Scan the records for the string "ezdxf", then copy each line that has it.

===== Material provided

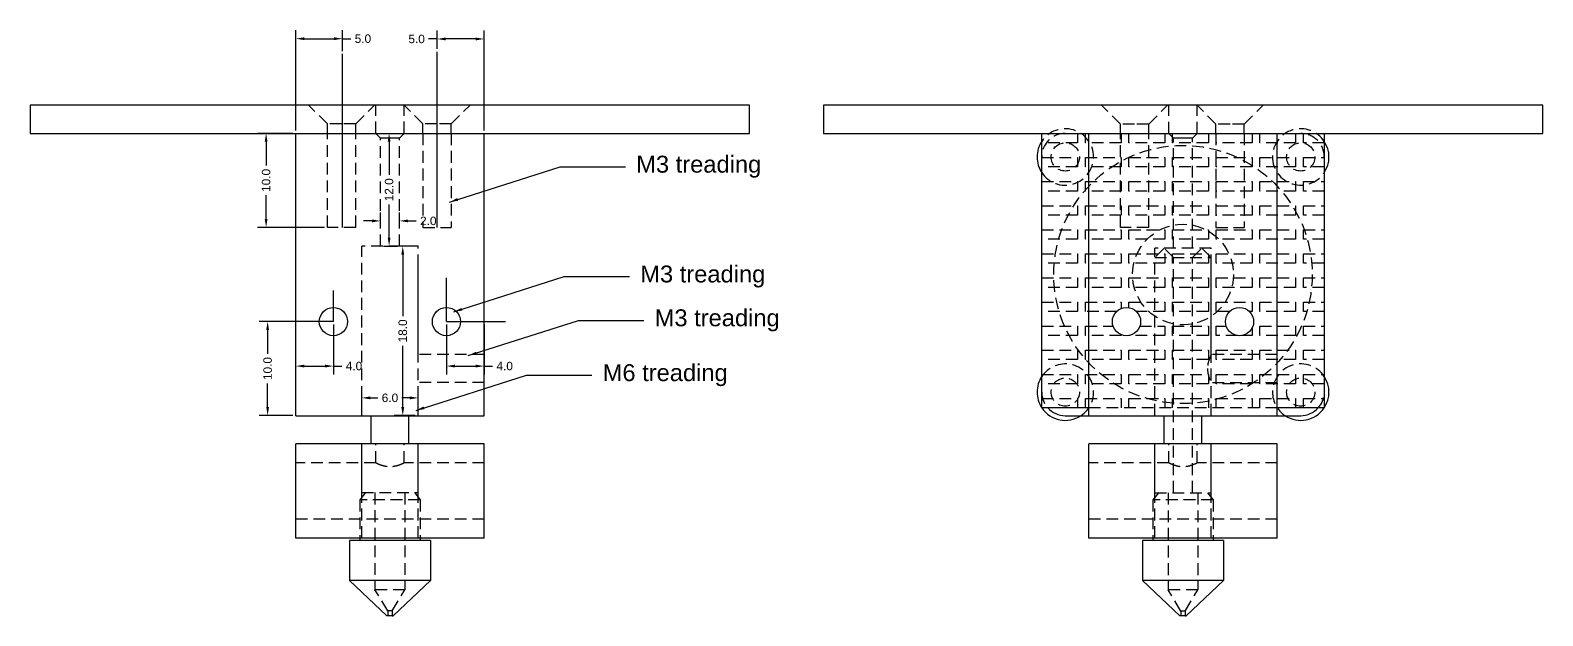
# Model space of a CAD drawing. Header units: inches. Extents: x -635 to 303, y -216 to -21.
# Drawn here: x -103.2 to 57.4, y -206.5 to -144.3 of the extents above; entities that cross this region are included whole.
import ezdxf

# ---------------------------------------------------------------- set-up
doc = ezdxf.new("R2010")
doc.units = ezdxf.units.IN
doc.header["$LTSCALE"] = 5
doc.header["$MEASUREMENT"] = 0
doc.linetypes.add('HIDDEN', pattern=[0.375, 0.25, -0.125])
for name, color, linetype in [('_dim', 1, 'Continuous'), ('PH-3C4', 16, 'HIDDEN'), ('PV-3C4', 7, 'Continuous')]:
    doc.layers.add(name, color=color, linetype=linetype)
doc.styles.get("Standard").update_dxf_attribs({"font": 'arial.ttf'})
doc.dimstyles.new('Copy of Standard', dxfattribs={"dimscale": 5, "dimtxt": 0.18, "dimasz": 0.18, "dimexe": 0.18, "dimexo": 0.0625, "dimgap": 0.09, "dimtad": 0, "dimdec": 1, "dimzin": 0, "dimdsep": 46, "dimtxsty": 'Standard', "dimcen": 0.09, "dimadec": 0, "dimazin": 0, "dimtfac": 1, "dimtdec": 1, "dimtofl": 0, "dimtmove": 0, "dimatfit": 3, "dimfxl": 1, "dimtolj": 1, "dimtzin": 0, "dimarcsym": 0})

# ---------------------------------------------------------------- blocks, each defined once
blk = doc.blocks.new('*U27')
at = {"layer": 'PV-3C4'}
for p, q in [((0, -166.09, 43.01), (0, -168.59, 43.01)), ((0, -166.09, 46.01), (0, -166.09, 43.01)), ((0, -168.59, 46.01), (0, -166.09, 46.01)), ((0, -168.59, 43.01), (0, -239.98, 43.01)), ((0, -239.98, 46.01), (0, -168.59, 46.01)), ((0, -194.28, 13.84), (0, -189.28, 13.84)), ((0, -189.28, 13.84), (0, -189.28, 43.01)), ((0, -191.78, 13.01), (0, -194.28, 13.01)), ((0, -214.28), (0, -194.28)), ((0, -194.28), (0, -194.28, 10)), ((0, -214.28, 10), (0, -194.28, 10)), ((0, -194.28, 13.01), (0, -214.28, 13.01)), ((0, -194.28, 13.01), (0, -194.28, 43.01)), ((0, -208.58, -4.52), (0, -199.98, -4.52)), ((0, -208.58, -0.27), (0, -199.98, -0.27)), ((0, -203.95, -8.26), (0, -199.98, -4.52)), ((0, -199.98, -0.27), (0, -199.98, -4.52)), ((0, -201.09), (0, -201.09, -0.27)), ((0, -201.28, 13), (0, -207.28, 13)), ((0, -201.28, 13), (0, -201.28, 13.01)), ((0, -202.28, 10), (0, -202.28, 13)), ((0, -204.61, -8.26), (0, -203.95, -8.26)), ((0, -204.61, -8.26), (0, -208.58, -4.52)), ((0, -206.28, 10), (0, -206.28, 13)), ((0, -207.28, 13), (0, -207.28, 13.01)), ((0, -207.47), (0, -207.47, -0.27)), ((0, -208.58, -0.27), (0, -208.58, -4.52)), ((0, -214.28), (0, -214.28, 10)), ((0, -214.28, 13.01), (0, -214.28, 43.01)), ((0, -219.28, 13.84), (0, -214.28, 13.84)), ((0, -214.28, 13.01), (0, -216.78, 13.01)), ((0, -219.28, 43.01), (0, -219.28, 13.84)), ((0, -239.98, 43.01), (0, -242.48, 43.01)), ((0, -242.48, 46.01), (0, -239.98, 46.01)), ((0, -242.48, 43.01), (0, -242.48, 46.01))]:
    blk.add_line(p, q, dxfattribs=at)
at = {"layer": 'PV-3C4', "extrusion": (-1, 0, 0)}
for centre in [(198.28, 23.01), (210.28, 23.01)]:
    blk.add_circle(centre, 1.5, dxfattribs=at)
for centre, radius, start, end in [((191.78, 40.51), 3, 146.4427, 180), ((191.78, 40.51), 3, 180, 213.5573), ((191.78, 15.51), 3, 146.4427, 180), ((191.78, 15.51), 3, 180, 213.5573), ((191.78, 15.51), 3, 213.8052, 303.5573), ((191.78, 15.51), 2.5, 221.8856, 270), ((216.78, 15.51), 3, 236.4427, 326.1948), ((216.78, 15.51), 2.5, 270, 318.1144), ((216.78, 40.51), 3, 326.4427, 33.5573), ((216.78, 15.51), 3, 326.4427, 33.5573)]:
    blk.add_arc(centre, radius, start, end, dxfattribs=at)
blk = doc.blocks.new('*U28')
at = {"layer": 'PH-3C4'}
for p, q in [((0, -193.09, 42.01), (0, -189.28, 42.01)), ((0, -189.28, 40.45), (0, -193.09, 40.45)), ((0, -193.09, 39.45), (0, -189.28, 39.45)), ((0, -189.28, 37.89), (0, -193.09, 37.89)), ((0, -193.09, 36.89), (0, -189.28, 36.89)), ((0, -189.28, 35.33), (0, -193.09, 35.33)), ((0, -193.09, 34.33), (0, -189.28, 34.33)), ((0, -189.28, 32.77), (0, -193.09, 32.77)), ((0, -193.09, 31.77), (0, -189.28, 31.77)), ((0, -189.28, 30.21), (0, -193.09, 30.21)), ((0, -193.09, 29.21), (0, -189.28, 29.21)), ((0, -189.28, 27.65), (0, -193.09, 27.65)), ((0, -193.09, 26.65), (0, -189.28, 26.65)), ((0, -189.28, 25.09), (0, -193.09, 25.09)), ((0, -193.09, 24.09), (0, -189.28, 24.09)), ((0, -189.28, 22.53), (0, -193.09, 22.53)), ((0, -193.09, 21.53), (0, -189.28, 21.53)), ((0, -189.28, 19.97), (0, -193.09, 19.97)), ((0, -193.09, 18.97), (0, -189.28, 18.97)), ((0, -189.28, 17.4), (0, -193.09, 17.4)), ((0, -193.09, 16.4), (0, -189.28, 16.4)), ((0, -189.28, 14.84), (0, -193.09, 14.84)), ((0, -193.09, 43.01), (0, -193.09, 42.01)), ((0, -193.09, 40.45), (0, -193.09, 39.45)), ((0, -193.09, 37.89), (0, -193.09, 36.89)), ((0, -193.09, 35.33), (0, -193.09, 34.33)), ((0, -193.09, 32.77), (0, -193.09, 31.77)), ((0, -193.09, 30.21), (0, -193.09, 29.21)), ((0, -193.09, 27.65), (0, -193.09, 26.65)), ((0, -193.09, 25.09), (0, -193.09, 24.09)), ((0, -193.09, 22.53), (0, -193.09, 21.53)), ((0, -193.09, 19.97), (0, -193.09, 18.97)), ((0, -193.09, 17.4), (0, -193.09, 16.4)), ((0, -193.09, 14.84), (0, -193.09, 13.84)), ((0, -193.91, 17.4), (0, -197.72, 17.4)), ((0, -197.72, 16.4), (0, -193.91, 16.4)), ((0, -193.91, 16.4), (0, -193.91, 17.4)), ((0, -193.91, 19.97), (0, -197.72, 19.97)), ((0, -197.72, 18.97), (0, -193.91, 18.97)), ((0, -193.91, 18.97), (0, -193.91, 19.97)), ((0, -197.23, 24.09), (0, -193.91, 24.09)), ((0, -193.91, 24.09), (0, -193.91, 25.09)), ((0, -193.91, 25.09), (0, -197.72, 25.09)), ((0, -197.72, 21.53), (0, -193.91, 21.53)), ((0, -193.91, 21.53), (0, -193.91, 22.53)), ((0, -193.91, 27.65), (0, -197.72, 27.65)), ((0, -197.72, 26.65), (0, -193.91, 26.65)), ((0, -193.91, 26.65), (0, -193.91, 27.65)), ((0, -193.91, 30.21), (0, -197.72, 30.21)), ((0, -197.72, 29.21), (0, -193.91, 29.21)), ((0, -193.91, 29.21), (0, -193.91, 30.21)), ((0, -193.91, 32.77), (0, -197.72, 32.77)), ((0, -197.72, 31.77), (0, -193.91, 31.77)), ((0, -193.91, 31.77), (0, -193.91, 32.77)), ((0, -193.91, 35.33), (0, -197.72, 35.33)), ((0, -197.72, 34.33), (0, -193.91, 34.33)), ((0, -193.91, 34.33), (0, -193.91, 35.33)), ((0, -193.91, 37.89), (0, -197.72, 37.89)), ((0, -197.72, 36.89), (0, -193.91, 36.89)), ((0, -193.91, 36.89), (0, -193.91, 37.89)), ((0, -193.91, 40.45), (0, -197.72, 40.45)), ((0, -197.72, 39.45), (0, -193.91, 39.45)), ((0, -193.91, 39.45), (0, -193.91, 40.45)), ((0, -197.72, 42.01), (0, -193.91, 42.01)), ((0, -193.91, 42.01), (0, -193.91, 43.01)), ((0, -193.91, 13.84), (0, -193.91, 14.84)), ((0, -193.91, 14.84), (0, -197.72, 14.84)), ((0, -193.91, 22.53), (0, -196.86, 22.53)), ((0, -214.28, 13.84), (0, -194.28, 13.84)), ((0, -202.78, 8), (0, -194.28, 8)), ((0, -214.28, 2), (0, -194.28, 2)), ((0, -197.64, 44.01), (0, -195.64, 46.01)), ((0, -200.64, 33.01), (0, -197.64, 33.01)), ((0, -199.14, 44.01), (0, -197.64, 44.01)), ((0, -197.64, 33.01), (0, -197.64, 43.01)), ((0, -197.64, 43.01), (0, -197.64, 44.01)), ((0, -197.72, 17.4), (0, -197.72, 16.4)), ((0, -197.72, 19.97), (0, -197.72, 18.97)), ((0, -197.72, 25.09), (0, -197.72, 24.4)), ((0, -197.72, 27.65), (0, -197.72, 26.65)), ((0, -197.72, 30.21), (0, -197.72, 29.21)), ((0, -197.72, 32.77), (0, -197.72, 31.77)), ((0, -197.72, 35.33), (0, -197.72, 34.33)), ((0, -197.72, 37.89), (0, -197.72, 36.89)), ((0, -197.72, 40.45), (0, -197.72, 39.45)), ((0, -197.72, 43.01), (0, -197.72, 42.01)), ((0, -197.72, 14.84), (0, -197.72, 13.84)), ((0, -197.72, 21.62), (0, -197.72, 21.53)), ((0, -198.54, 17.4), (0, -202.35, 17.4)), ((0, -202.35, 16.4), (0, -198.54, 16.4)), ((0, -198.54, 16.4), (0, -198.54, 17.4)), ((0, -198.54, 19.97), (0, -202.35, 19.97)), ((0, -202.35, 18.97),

==========

Expected output
import ezdxf
doc = ezdxf.new("R2010")
doc.units = ezdxf.units.IN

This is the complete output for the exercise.